• This Ugly Yet Beautiful World

    2004

    published in Empire No.66, Sydney
    Volume 1

    2007

    Anime can sometimes border on the unclassifiable. Not because it's weird or freaky, but simply because the way it has been composed and arranged defies expected logic. This Ugly Yet Beautiful World will provide scant rational access to story structures typical of western cinema. Yet this dreamlike teen comedy-drama will appeal to those interested in exploring ways in which reality can dissolve into fantasy.

    On the surface, the story appears familiar. School friends Takeru and Ryou lead a moderately dull life in rural Japan until a blinding beam of light blasts into their local forest. The beam carries two life forces who take the shape of cute human girls - Hikari and Akari. Each girl ends up staying at each of the boys' houses, therein precipitating a range of pubescent comedic moments. All standard fare, but even in this first chapter of the series, This Ugly Yet Beautiful World subtly rings with s strange otherness. Maybe these cute aliens are not what they seem, plus the unclear situations that have left both Takeru and Ryou without parents posit them as haunted waifs displaced from the normality of everyday life.

    The series title obliquely refers to the traditional concept of wabi sabi in Japanese culture: the notion that beauty can only be truly defined in relation to imperfection. This Ugly Yet Beautiful World almost pretends to be a perfect teen comedy (and it abounds with many hilarious moments full of fast-flying otaku in-jokes), but it also seems intent on revealing the cracks in the otaku universe. The series radically shifts gears, moving from lingering sombre poetry to amazingly animated action sequences, particularly when Takeru transforms into a genetic hybrid monster-killer of sorts. This is a series that will only become more complex as the story unfolds, and will be well worth one's persistence in viewing.
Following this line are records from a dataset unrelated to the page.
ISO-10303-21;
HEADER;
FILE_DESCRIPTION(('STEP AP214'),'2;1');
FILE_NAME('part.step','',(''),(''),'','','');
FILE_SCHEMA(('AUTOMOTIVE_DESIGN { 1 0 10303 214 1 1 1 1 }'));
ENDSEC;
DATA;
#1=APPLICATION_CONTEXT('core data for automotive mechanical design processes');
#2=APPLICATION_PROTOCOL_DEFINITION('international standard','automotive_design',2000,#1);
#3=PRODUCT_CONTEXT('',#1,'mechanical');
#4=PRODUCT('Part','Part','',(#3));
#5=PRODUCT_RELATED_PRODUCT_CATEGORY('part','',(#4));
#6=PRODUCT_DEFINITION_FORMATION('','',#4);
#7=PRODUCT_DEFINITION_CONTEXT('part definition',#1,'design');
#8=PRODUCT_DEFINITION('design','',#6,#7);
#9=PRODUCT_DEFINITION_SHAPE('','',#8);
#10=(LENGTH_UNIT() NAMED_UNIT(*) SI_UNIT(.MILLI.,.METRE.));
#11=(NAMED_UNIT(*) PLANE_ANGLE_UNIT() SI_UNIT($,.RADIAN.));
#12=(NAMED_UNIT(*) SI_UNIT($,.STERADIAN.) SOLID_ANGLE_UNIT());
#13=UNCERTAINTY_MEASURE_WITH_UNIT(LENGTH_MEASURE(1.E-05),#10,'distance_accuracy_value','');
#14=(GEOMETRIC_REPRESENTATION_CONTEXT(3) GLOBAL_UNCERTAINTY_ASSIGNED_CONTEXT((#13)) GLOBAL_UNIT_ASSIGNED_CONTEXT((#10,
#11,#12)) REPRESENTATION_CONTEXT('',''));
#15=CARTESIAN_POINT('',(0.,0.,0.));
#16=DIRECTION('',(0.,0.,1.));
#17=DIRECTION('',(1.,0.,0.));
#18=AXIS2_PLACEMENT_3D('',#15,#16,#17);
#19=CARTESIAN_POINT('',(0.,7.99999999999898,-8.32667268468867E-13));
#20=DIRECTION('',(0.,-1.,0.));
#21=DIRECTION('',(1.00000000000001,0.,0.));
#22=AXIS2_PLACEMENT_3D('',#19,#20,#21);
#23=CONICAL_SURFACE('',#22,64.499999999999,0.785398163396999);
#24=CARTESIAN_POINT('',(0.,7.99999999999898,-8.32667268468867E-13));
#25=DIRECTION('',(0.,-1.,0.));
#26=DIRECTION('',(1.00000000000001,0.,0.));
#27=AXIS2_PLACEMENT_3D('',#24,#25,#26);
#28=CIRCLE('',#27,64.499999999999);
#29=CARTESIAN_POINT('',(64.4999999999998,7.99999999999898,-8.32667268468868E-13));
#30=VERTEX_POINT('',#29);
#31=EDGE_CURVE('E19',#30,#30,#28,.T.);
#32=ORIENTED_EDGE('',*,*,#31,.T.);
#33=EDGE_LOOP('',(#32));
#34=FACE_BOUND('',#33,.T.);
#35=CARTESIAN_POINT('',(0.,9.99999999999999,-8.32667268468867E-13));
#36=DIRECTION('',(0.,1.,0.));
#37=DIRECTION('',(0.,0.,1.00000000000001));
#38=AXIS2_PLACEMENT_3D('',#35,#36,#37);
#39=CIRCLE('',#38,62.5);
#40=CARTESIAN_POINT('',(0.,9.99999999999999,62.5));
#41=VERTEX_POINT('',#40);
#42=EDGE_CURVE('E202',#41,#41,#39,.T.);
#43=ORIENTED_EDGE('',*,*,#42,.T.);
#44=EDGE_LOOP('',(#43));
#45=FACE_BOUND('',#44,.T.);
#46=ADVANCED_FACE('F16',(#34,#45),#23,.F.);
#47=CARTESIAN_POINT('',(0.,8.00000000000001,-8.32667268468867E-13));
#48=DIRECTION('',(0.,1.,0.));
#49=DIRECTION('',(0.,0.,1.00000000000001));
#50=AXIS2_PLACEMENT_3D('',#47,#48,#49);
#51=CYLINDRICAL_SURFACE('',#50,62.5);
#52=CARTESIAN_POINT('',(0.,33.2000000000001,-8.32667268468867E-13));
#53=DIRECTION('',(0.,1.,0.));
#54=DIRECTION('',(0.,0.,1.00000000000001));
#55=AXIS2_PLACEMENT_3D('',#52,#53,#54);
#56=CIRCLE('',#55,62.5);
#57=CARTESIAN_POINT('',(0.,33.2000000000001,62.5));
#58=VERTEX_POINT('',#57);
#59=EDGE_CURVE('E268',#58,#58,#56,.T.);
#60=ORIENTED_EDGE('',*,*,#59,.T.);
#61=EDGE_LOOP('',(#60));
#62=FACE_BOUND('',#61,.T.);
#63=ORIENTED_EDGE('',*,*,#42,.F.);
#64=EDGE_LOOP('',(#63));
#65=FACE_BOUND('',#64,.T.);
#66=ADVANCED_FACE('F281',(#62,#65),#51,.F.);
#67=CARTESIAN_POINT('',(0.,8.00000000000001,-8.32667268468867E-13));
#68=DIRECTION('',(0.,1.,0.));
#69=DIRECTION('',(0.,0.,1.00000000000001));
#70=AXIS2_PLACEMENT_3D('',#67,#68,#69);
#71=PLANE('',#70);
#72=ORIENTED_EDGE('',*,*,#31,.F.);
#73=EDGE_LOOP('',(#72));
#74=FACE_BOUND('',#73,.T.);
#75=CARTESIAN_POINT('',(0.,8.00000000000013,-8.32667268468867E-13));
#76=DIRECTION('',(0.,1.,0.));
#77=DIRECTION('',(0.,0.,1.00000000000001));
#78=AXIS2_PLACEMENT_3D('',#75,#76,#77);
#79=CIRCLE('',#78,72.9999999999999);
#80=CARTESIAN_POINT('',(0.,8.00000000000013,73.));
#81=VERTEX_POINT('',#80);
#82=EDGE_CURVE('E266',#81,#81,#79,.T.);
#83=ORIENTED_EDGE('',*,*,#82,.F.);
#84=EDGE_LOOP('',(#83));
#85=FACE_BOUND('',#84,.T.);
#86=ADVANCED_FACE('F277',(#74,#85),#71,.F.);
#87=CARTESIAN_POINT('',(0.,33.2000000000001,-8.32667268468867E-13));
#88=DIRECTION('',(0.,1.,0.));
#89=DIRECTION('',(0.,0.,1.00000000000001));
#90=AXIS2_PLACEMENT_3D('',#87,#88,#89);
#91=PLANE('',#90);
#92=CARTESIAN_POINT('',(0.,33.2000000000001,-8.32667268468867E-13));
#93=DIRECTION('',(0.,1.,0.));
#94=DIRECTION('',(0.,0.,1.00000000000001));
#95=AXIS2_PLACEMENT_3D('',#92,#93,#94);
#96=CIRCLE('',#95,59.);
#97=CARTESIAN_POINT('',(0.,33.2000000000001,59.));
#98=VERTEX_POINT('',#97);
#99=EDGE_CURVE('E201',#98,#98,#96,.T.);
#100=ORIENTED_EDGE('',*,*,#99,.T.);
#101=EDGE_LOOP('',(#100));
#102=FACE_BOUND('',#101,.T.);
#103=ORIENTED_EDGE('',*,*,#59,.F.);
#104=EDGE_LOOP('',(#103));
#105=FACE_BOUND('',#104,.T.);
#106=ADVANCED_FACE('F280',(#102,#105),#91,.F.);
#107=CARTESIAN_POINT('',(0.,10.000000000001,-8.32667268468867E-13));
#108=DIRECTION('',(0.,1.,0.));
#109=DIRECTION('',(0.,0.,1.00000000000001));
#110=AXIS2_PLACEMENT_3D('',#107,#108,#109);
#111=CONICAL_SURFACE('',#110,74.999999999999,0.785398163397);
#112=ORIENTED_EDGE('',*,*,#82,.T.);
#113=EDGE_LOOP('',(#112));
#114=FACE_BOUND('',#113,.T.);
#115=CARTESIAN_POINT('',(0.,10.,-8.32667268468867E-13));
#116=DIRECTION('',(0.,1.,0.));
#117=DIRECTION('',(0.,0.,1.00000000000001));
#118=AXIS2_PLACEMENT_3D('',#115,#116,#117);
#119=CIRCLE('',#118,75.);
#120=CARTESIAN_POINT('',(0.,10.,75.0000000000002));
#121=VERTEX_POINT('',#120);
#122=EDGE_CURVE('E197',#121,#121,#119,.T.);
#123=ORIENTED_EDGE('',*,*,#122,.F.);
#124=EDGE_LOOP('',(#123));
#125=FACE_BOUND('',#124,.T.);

    This Ugly Yet Beautiful World

    2004

    published in Empire No.78, Sydney
    Complete Collection

    2008

    Its initial volume reviewed here one year ago, the final release of the This Ugly But Beautiful World box set calls for a prompt to viewers to consider this distinctive series in its entirety. Everything suggested by the first volume plays out with consistency and cascading ingenuity throughout the full 12 episodes. Takeru and Ryou develop further their fated connections with Hikari and Akari – the strange light beings who have mysteriously become earthbound and now take female pubescent human form. Set in a rural prefecture and centred around the high school and the dorm-like environment shared by the key character gang, the series is a delicate investigation of teen life in Japan.

    Maybe not the mega-hit all-round universal entertainment that translated anime hypes these days, This Ugly But Beautiful World is a polyrhythmic multi-toned study of the teen temperament and the ways in which one (as a teenager) recognises his and her entrapment within its permeable walls. Lots of lessons are learnt – with Takeru especially grappling with primal urges, emotional waves and inflicted responsibilities – but the series avoids preachy voicing and pap homilies. Bit by bit, Takeru and Hikari are interchangeable as they each experience something fundamentally common to both humans and aliens: life.